Jak jeszcze można zmniejszać wpływ firmy na środowisko? W Polsce pierwsze, co nam się kojarzy z tym, w jaki sposób obciąć emisję, to zmienić swoje źródło zasilania w energię i jest to dobry krok. Chociaż ja personalnie nie zaczynałbym właśnie od niego – radzi Bartosz Silczak. Najpierw powinniśmy przeanalizować nasz cykl wytwórczy, a następnie spojrzeć na to, czy możemy w jakiś sposób zoptymalizować ten proces. Jest to prawdopodobnie najtańszy i najszybszy sposób zainicjowania działań prośrodowiskowych, który w dalszych krokach można poprzeć inwestycjami.

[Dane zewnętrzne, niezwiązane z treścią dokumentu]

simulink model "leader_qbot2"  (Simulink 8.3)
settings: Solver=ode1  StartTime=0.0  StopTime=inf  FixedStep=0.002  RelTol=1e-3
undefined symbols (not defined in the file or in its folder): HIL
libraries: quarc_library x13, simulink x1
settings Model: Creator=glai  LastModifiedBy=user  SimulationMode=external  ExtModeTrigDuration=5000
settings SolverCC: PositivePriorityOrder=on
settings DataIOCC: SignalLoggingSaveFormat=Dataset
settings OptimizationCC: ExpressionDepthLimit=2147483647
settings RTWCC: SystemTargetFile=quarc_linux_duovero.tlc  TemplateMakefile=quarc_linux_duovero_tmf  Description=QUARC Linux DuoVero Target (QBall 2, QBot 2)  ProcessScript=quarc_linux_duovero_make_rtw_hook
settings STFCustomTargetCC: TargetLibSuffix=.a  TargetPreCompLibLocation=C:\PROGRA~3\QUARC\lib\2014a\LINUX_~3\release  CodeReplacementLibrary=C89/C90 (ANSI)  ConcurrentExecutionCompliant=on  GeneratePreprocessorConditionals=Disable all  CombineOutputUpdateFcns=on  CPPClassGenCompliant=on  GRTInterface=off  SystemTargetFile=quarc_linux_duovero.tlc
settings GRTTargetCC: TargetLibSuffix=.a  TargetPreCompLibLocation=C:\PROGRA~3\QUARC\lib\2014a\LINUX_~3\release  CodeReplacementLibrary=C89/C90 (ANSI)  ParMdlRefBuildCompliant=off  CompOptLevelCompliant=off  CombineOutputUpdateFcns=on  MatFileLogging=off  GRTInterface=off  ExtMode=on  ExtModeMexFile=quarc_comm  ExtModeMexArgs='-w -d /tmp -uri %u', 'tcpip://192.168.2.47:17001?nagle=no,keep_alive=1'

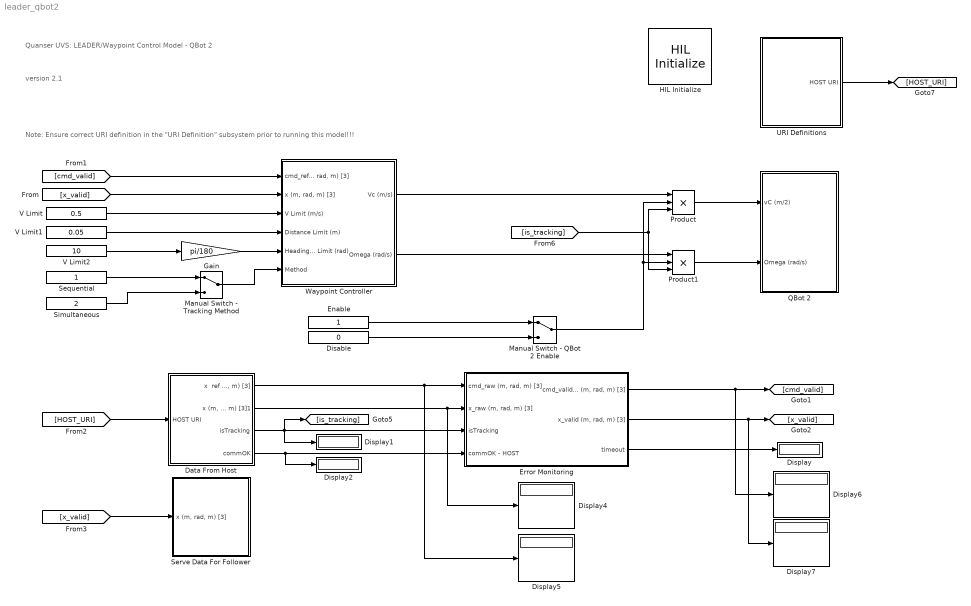
== system leader_qbot2 ==
  note: version 2.1
  note: Note: Ensure correct URI definition in the "URI Definition" subsystem prior to running this model!!!
  note: Quanser UVS: LEADER/Waypoint Control Model - QBot 2
  Data From Host : Subsystem
  Disable : Constant  Value=0
  Display{,1..2,4..7} (7 alike) : Display
      settings: Decimation=100
  Enable : Constant
  Error Monitoring : Subsystem
  Gain : Gain  Gain=pi/180
  HIL Initialize : quarc_library/Data Acquisition/Generic/Configuration/HIL Initialize  Priority=-99  object_name=HIL-1  board_type=qbot2  board_number=0  board_options=enc0_dir=0;enc0_filter=1;enc0_a=0;enc0_b=0;enc0_z=1;enc0_reload=0;enc1_dir=0;enc1_filter=1;enc1_a=0;enc1_b=0;enc1_z=1;enc1_reload=0;pwm0_immediate=0;pwm1_immediate=0;pwm2_immediate=0;pwm3_immediate=0;  exclusive=off  active=off  hardware_clocks=[]  clock_modes=[]  initial_clock_frequencies=[]  set_clock_params_at_start=off  set_clock_params_at_switch_in=off  set_clock_frequencies_at_start=off  set_clock_frequencies_at_switch_in=off  analog_input_channels=[0:9]  analog_input_maximums=[5 5 5 5 16.5 3.3 3.3 3.3 3.3]  analog_input_minimums=[0 0 0 0 0 0 0 0 0]  set_analog_input_params_at_start=off  set_analog_input_params_at_switch_in=off  analog_output_channels=[]  analog_output_maximums=[]  analog_output_minimums=[]  initial_analog_outputs=[]  final_analog_outputs=[]  watchdog_analog_outputs=[]  set_analog_output_params_at_start=off  set_analog_output_params_at_switch_in=off  set_analog_outputs_at_start=off  set_analog_outputs_at_switch_in=off  set_analog_outputs_at_terminate=off  set_analog_outputs_at_switch_out=off  set_analog_outputs_on_watchdog=off  digital_input_channels=[]  digital_output_channels=[]  digital_output_configuration=[]  initial_digital_outputs=[0]  final_digital_outputs=[0]  watchdog_digital_outputs=[0]  set_digital_output_params_at_start=off  set_digital_output_params_at_switch_in=off  set_digital_outputs_at_start=on  set_digital_outputs_at_switch_in=off  set_digital_outputs_at_terminate=on  set_digital_outputs_at_switch_out=off  set_digital_outputs_on_watchdog=on  encoder_channels=[0:3]  quadrature=[4]  encoder_filter_frequency=[]  initial_encoder_counts=[0]  set_encoder_params_at_start=on  set_encoder_params_at_switch_in=off  set_encoder_counts_at_start=on  set_encoder_counts_at_switch_in=off  pwm_channels=[0:3]  pwm_modes=[0]  pwm_frequency=[20e6/1024]  pwm_configuration=[0]  pwm_alignment=[0]  pwm_polarity=[1]  pwm_leading_deadband=[0]  pwm_trailing_deadband=[0]  initial_pwm_outputs=[0]  final_pwm_outputs=[0]  watchdog_pwm_outputs=[0]  set_pwm_params_at_start=on  set_pwm_params_at_switch_in=off  set_pwm_outputs_at_start=on  set_pwm_outputs_at_switch_in=off  set_pwm_outputs_at_terminate=on  set_pwm_outputs_at_switch_out=off  set_pwm_outputs_on_watchdog=on  other_output_channels=[2000:2001 14000 16000]  initial_other_outputs=[0 0 0 7]  final_other_outputs=[0 0 0 7]  watchdog_other_outputs=[]  set_other_outputs_at_start=on  set_other_outputs_at_switch_in=off  set_other_outputs_at_terminate=on  set_other_outputs_at_switch_out=off  set_other_outputs_on_watchdog=off
  Manual Switch - QBot 2 Enable : ManualSwitch
  Manual Switch - Tracking Method : ManualSwitch
  Product : Product  Inputs=3  RndMeth=Zero
  Product1 : Product  Inputs=3  RndMeth=Zero
  QBot 2 : Subsystem
  Sequential : Constant
  Serve Data For Follower : Subsystem
  Simultaneous : Constant  Value=2
  URI Definitions : Subsystem
  V Limit : Constant  Value=0.5
  V Limit1 : Constant  Value=0.05
  V Limit2 : Constant  Value=10
  Waypoint Controller : Subsystem
  wires:
  URI Definitions/1(HOST URI) -> [HOST_URI]
  [HOST_URI] -> Data From Host/1(HOST URI)
  Data From Host/3(isTracking) -> Error Monitoring/3(isTracking), Display1/1, [is_tracking]
  Data From Host/4(commOK) -> Display2/1, Error Monitoring/4(commOK - HOST)
  Error Monitoring/2("x_valid (m, rad, m) [3]") -> Display7/1, [x_valid]
  [x_valid] -> Waypoint Controller/2("x (m, rad, m) [3]")
  [cmd_valid] -> Waypoint Controller/1("cmd_ref (m, rad, m) [3]")
  V Limit1/1 -> Waypoint Controller/4(Distance Limit (m))
  V Limit/1 -> Waypoint Controller/3(V Limit (m/s))
  V Limit2/1 -> Gain/1
  Gain/1 -> Waypoint Controller/5(Heading Limit (rad))
  Sequential/1 -> Manual Switch - Tracking Method/1
  Simultaneous/1 -> Manual Switch - Tracking Method/2
  Manual Switch - Tracking Method/1 -> Waypoint Controller/6(Method)
  Enable/1 -> Manual Switch - QBot 2 Enable/1
  Disable/1 -> Manual Switch - QBot 2 Enable/2
  Waypoint Controller/1(Vc (m/s)) -> Product/1
  Product/1 -> QBot 2/1(vC (m/2))
  Waypoint Controller/2(Omega (rad/s)) -> Product1/1
  Product1/1 -> QBot 2/2(Omega (rad/s))
  Manual Switch - QBot 2 Enable/1 -> Product/2, Product1/2
  Error Monitoring/3(timeout) -> Display/1
  Error Monitoring/1("cmd_valid (m, rad, m) [3]") -> Display6/1, [cmd_valid]
  [is_tracking] -> Product1/3, Product/3
  Data From Host/1("x  ref (m, rad, m) [3]") -> Display5/1, Error Monitoring/1("cmd_raw (m, rad, m) [3]")
  Data From Host/2("x (m, rad, m) [3]1") -> Display4/1, Error Monitoring/2("x_raw (m, rad, m) [3]")
  [x_valid] -> Serve Data For Follower/1("x (m, rad, m) [3]")

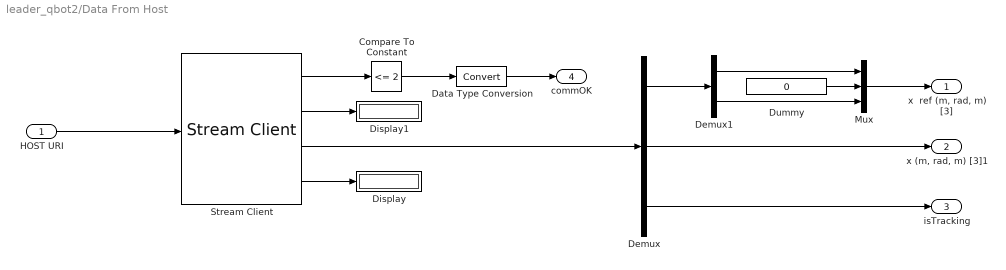
== system leader_qbot2/Data From Host ==
  HOST URI : Inport
  Compare To Constant : simulink/Logic and Bit Operations/Compare To Constant  relop=<=  const=2  OutDataTypeStr=boolean
  Data Type Conversion : DataTypeConversion
  Demux : Demux  Outputs=[2 3 1]
  Demux1 : Demux  Outputs=2
  Display : Display
      settings: Decimation=100
  Display1 : Display
      settings: Decimation=100
  Dummy : Constant  Value=0
  Mux : Mux  Inputs=3
  Stream Client : quarc_library/Communications/Basic/Stream Client  uri_source=External input port  uri=tcpip://182.168.2.222:18006  apply_uri_to_all_configs=on  send_buffer_size=1460  receive_buffer_size=1460  byte_order=little endian (Intel - LSB first)  optimization=Minimum latency  implementation=Use non-blocking I/O  send_options=Do not send data  receive_options=Receive most recent data  send_fifo_size=1000  receive_fifo_size=1000  send_priority=0  receive_priority=0  default_value=zeros(6,1)  send_dimensions=off  receive_dimensions=off  max_dimensions=-1  sample_time=qc_get_step_size  active=off  data_type=Inherited via back propagation  type_expr=BusObject
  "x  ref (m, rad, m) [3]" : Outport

Finansowanie projektów proekologicznych
Jesteśmy w procesie transformacji całej gospodarki w kierunku niskoemisyjnej, bardziej wydajnej, mniej zasobochłonnej. W związku z tym banki bardzo chętnie chcą takie inicjatywy sfinansować – zapewnia Bartosz Silczak z Banku Gospodarstwa Krajowego. Istnieje szerokie portfolio produktów, które mogą przysłużyć się przedsiębiorstwom do przeprowadzenia transformacji energetycznej. Są to kredyty technologiczne, ekologiczne czy program InvestEU, w ramach którego finansowana jest m.in. zrównoważona infrastruktura.
Poza kolejnymi programami finansowania inwestycji takimi jak „Czyste Powietrze” czy „Mój Prąd”, istnieją także bardziej wyspecjalizowane narzędzia. Jednym z nich są tzw. „Zielone obligacje” dostępne dla dużych przedsiębiorstw, które działają na rynku publicznym. Środki pozyskane ze sprzedaży takich dokumentów dłużnych mogą być wykorzystane wyłącznie na cele prośrodowiskowe, a emitent jest z nich rozliczany. Artur Stawiarski z E.ON Polska wspomina także o możliwości wsparcia typu feed-in-tariffs czy feed-in-premiums. Oba programy są narzędziami rządowymi, które promują rozwój nowych projektów OZE i energii z nich sprzedawanej.
Rozmowa dotycząca prośrodowiskowych celów firm, obniżania ich śladu węglowego oraz źródeł finansowania ekologicznych inicjatyw kończy tegoroczny cykl podcastów E.ON Talks.